Medium Cost / Medium Features
Loop11‘s unmoderated usability testing tool costs $350 for a single study, and it offers the ability to present users custom tasks, record task-times, and collect post-task metrics and post-test questions.
If you are looking to test fewer than 50 users, then usertesting.com’s panel of users and tool may work. There’s no cost for the software, just the cost per user (around $50). Usertesting.com is adding more metrics to their platform, but currently, you can present users tasks, ask them open- and closed-ended questions, see what they are seeing, and have the users articulate their thoughts—which are usually very insightful for identifying improvements. Because you have a record of everything the user sees, you can essentially derive task-completion, task-time and questionnaire data from watching the videos. This services will take more time. In most of our benchmark studies, we supplement our larger sample panel data with 5-10 users from Usertesting.com.
High Cost/High Features
UserZoom offers the most comprehensive solution for testing website usability and has become the industry standard for large-scale benchmark studies. You can use skip-logic, randomization and profiles for presenting the tasks. In addition to the standard task-based metrics, you also have the ability to collect click-paths, heat-maps and even playback video recordings of the users attempting the tasks. This last feature often justifies the cost of UserZoom alone, as you have a good record of both the metrics (the output) and what the users were doing (the input). We use UserZoom for most of our benchmarking studies.
Pilot: Plan to run a few users through your programmed study to work out the kinks in both the study structure and the tasks themselves. It usually takes us two or three tries to get the tasks to the point where they aren’t too leading for users, but aren’t so hard that too many users are unable to complete them or run out of time.
Field the Study: For most unmoderated benchmark studies, plan on having the study open for users to complete for five days.

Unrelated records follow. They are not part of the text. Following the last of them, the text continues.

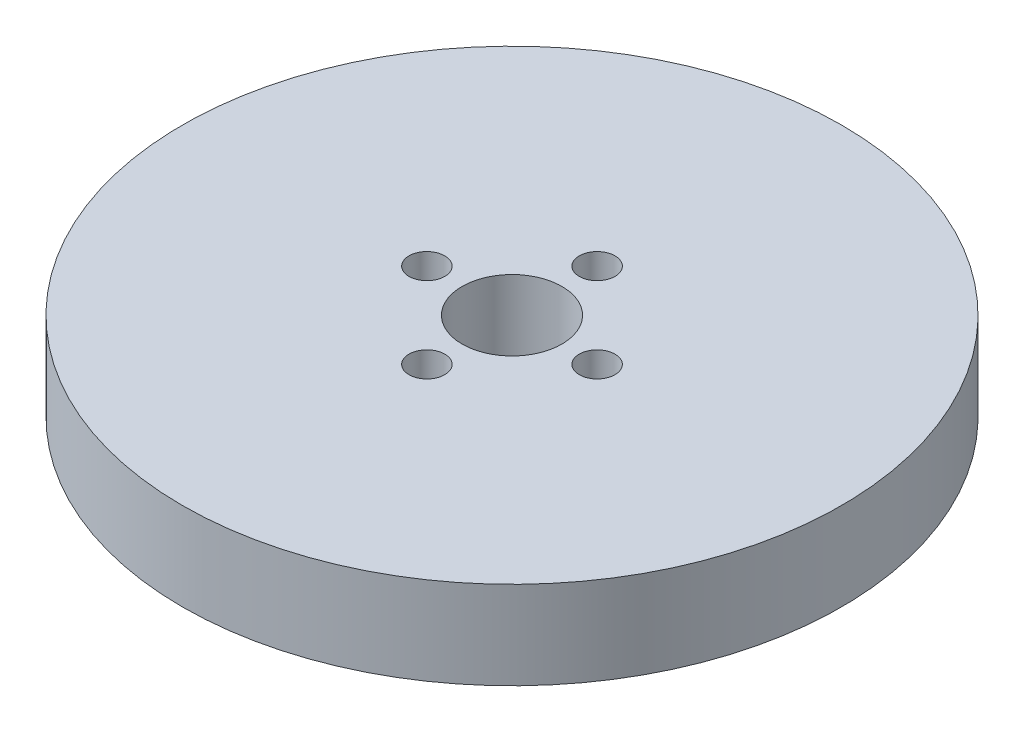
SolidWorks part; units mm, degrees
ref_plane "Front Plane" through (0, 0, 0) normal (0, 0, 1) x (1, 0, 0)
ref_plane "Top Plane" through (0, 0, 0) normal (0, 1, 0) x (1, 0, 0)
ref_plane "Right Plane" through (0, 0, 0) normal (1, 0, 0) x (0, 0, -1)
sketch "Sketch1" plane through (0, 0, 0) normal (0, 1, 0) x (1, 0, 0)
  circle A0 centre (0, 0) radius 82.5
  dimension "FLANGE_OD" = 165
extrude "Boss-Extrude1" add sketch "Sketch1" along normal blind 22
sketch "Sketch2" plane through (0, 0, 0) normal (0, 1, 0) x (1, 0, 0)
  circle A0 centre (0, 0) radius 12.5
  dimension "BORE_D" = 25
extrude "Cut-Extrude1" cut sketch "Sketch2" along normal through all
sketch "Sketch3" plane through (0, 22, 0) normal (0, 1, 0) x (1, 0, 0)
  circle A0 centre (0, 0) radius 21.3071 construction
  circle A1 centre (-21.3071, 0) radius 4.4732
  dimension "BOLT_D" = 8.9464
  dimension "BOLT_PCD" = 42.6142
extrude "Cut-Extrude2" cut sketch "Sketch3" against normal blind 13.7994
pattern_circular "CirPattern1" count 4 over 360 about axis through (0, 0, 0) along (0, 1, 0) of "Cut-Extrude2"
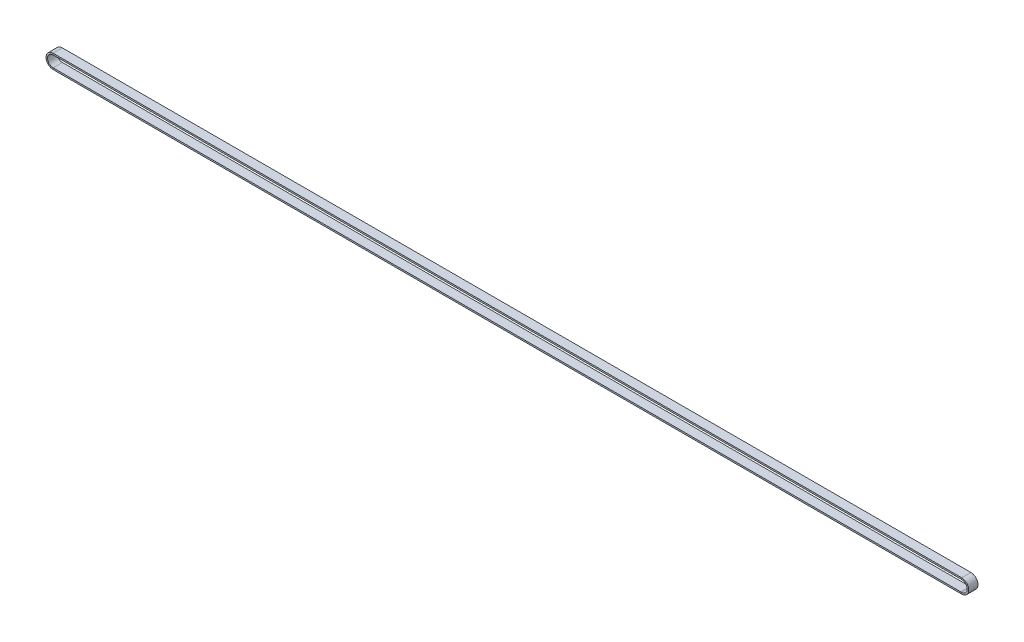
SolidWorks part; units mm, degrees
ref_plane "Front Plane" through (0, 0, 0) normal (0, 0, 1) x (1, 0, 0)
ref_plane "Top Plane" through (0, 0, 0) normal (0, 1, 0) x (1, 0, 0)
ref_plane "Right Plane" through (0, 0, 0) normal (1, 0, 0) x (0, 0, -1)
sketch "Sketch2" plane through (0, 0, 0) normal (0, 0, 1) x (1, 0, 0)
  line L0 (0, 0) -> (1, 0) construction
  line L1 (0, 0) -> (0, 1) construction
  line L2 (1, -48.0181) -> (-883.5206, -48.0181)
  line L3 (-883.5206, -34.2181) -> (1, -34.2181)
  arc A0 (1, -34.2181) -> (1, -48.0181) centre (1, -41.1181) cw
  arc A1 (-883.5206, -48.0181) -> (-883.5206, -34.2181) centre (-883.5206, -41.1181) cw
sketch "Sketch3" plane through (0, 0, 0) normal (1, 0, 0) x (0, 0, -1)
  line L1 (0, -46.5181) -> (-9, -46.5181)
  line L2 (0, -46.5181) -> (0, -48.0181)
  line L3 (0, -48.0181) -> (-9, -48.0181)
  line L4 (-9, -46.5181) -> (-9, -48.0181)
  point P4 (0, -46.9786)
  dimension "D1" = 9
  dimension "D2" = 1.5
sweep "Sweep1" add profiles "Sketch3" path "Sketch2"
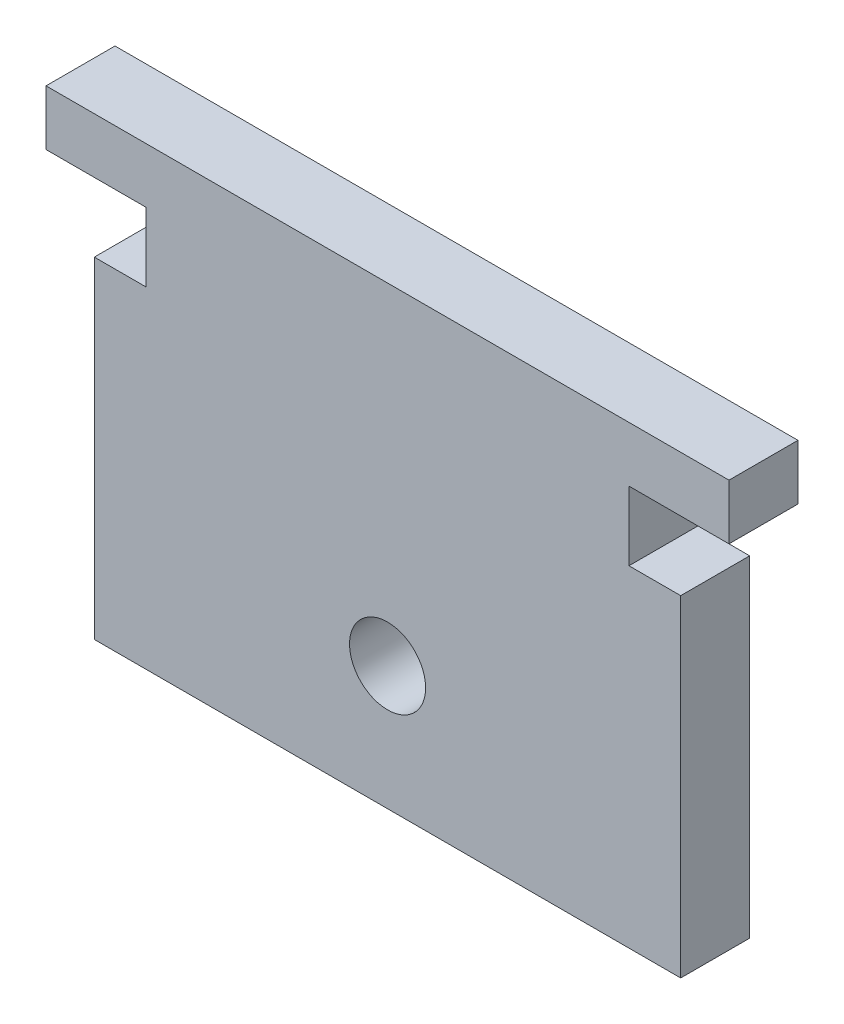
SolidWorks part; units mm, degrees
material "AISI 4130 Steel, annealed at 865C"
ref_plane "X-Y Datum" through (0, 0, 0) normal (0, 0, 1) x (1, 0, 0)
ref_plane "X-Z Datum" through (0, 0, 0) normal (0, 1, 0) x (1, 0, 0)
ref_plane "Y-Z Datum" through (0, 0, 0) normal (1, 0, 0) x (0, 0, -1)
sketch "Sketch1" plane through (0, 0, 0) normal (0, 0, 1) x (1, 0, 0)
  line L1 (-42.8625, -25.4) -> (42.8625, -25.4)
  line L2 (-42.8625, -25.4) -> (-42.8625, 25.4)
  line L3 (-42.8625, 25.4) -> (42.8625, 25.4)
  line L4 (42.8625, -25.4) -> (42.8625, 25.4)
  line L5 (-42.8625, -25.4) -> (42.8625, 25.4) construction
  line L6 (-42.8625, 25.4) -> (42.8625, -25.4) construction
  point P0 (0, 0)
  dimension "D1" = 85.725
  dimension "D2" = 50.8
extrude "Boss-Extrude1" add sketch "Sketch1" along normal blind 6.35
sketch "Sketch2" plane through (0, 0, 6.35) normal (0, 0, 1) x (1, 0, 0)
  line L1 (-42.8625, -25.4) -> (-26.9875, -25.4)
  line L2 (-42.8625, -25.4) -> (-42.8625, 17.78)
  line L3 (-42.8625, 17.78) -> (-26.9875, 17.78)
  line L4 (-26.9875, -25.4) -> (-26.9875, 17.78)
  line L5 (42.8625, -25.4) -> (26.9875, -25.4)
  line L6 (42.8625, -25.4) -> (42.8625, 17.78)
  line L7 (42.8625, 17.78) -> (26.9875, 17.78)
  line L8 (26.9875, -25.4) -> (26.9875, 17.78)
  dimension "D1" = 15.875
  dimension "D2" = 43.18
extrude "Cut-Extrude1" cut sketch "Sketch2" against normal blind 6.35
sketch "Sketch3" plane through (0, 25.4, 0) normal (0, 1, 0) x (1, 0, 0)
  line L1 (-42.8625, 0) -> (42.8625, 0)
  line L2 (-42.8625, 0) -> (-42.8625, -6.35)
  line L3 (-42.8625, -6.35) -> (42.8625, -6.35)
  line L4 (42.8625, 0) -> (42.8625, -6.35)
extrude "Cut-Extrude2" cut sketch "Sketch3" against normal blind 2.54
sketch "Sketch5" plane through (-26.9875, 0, 0) normal (-1, 0, 0) x (0, 0, 1)
  line L0 (6.35, -25.4) -> (6.35, 17.78) construction
  line L1 (0, 17.78) -> (6.35, 17.78)
  line L2 (0, 17.78) -> (0, 11.43)
  line L3 (0, 11.43) -> (6.35, 11.43)
  line L4 (6.35, 17.78) -> (6.35, 11.43)
  dimension "D1" = 6.35
extrude "Cut-Extrude3" cut sketch "Sketch5" against normal blind 4.7625
mirror "Mirror1" about plane through (0, 0, 0) normal (1, 0, 0) of "Cut-Extrude3"
sketch "Sketch6" plane through (0, 0, 6.35) normal (0, 0, 1) x (1, 0, 0)
  line L12 (26.9875, 11.43) -> (22.225, 11.43)
  line L13 (22.225, 11.43) -> (22.225, 17.78)
  line L14 (22.225, 17.78) -> (42.8625, 17.78)
  line L15 (42.8625, 17.78) -> (42.8625, 22.86)
  line L16 (42.8625, 22.86) -> (-42.8625, 22.86)
  line L17 (-42.8625, 22.86) -> (-42.8625, 17.78)
  line L18 (-42.8625, 17.78) -> (-22.225, 17.78)
  line L19 (-22.225, 17.78) -> (-22.225, 11.43)
  line L20 (-22.225, 11.43) -> (-26.9875, 11.43)
  line L21 (-26.9875, 11.43) -> (-26.9875, -25.4)
  line L22 (-26.9875, -25.4) -> (26.9875, -25.4)
  line L23 (26.9875, -25.4) -> (26.9875, 11.43)
  line L24 (26.9875, 11.43) -> (22.225, 11.43)
  line L25 (22.225, 11.43) -> (22.225, 17.78)
  line L26 (22.225, 17.78) -> (42.8625, 17.78)
  line L27 (42.8625, 17.78) -> (42.8625, 22.86)
  line L28 (42.8625, 22.86) -> (-42.8625, 22.86)
  line L29 (-42.8625, 22.86) -> (-42.8625, 17.78)
  line L30 (-42.8625, 17.78) -> (-22.225, 17.78)
  line L31 (-22.225, 17.78) -> (-22.225, 11.43)
  line L32 (-22.225, 11.43) -> (-26.9875, 11.43)
  line L33 (-26.9875, 11.43) -> (-26.9875, -25.4)
  line L34 (-26.9875, -25.4) -> (26.9875, -25.4)
  line L35 (26.9875, -25.4) -> (26.9875, 11.43)
  circle A1 centre (0.0059, -7.6663) radius 3.5
  dimension "D2" = 17.7337
  dimension "D1" = 0
extrude "Cut-Extrude4" cut sketch "Sketch6" against normal blind 6.35 contours A1 region at (0.0059, -7.6663, 6.35)
sketch "Sketch7" plane through (-42.8625, 0, 0) normal (-1, 0, 0) x (0, 0, 1)
  line L1 (0, 22.86) -> (6.35, 22.86)
  line L2 (0, 22.86) -> (0, 17.78)
  line L3 (0, 17.78) -> (6.35, 17.78)
  line L4 (6.35, 22.86) -> (6.35, 17.78)
extrude "Cut-Extrude5" cut sketch "Sketch7" against normal blind 11.43
mirror "Mirror2" about plane through (0, 0, 0) normal (1, 0, 0) of "Cut-Extrude5"
sketch "Sketch8" plane through (0, -25.4, 0) normal (0, -1, 0) x (1, 0, 0)
  line L7 (-26.9875, 6.35) -> (26.9875, 6.35)
  line L8 (-26.9875, 6.35) -> (-26.9875, 0)
  line L9 (-26.9875, 0) -> (26.9875, 0)
  line L10 (26.9875, 6.35) -> (26.9875, 0)
extrude "Cut-Extrude6" cut sketch "Sketch8" against normal blind 6.35

For smaller sample sizes (<100) and shorter studies, it can be done more quickly, but it never hurts to have a few extra days in case you encounter problems in recruiting or need to stop the study and make changes.
Analyze the Results
There will be more data than you can handle if you use a solution like Loop11. The examples below come from a comparative study between Budget.com and Enterprise.com. We start by analyzing the task-performance metrics of completion rates, task times, task-difficulty and a combined measure of usability (the Single Usability Metric SUM).
The graphs include confidence intervals (yellow error bars) to show the level of precision in our metrics (click to enlarge the images).
Then we summarize the overall attitudes. The examples below are the SUPR-Q scores and Net Promoter Scores for both websites.
It’s often not until we have all the task and test-level metrics together that we start seeing a story emerge. Sometimes it’s one task with low performance that needs extra analysis, and other times it’s low SUPR-Q scores or Net Promoter Score.
Finally, we dig into the “why” by examining the verbatims, clickmaps, video replay and any Usertesting.com videos to understand what’s driving the numbers. While identifying fixes is not typically the primary goal of benchmark usability tests, we document the major usability problems and recommend some fixes.
The benchmarking effort isn’t trivial, so hopefully many of the root causes of the problems have been addressed before launching a follow-up study. Committing to regularly scheduled benchmark studies helps make everyone accountable for website usability and prioritizes the never-ending list of design and feature changes.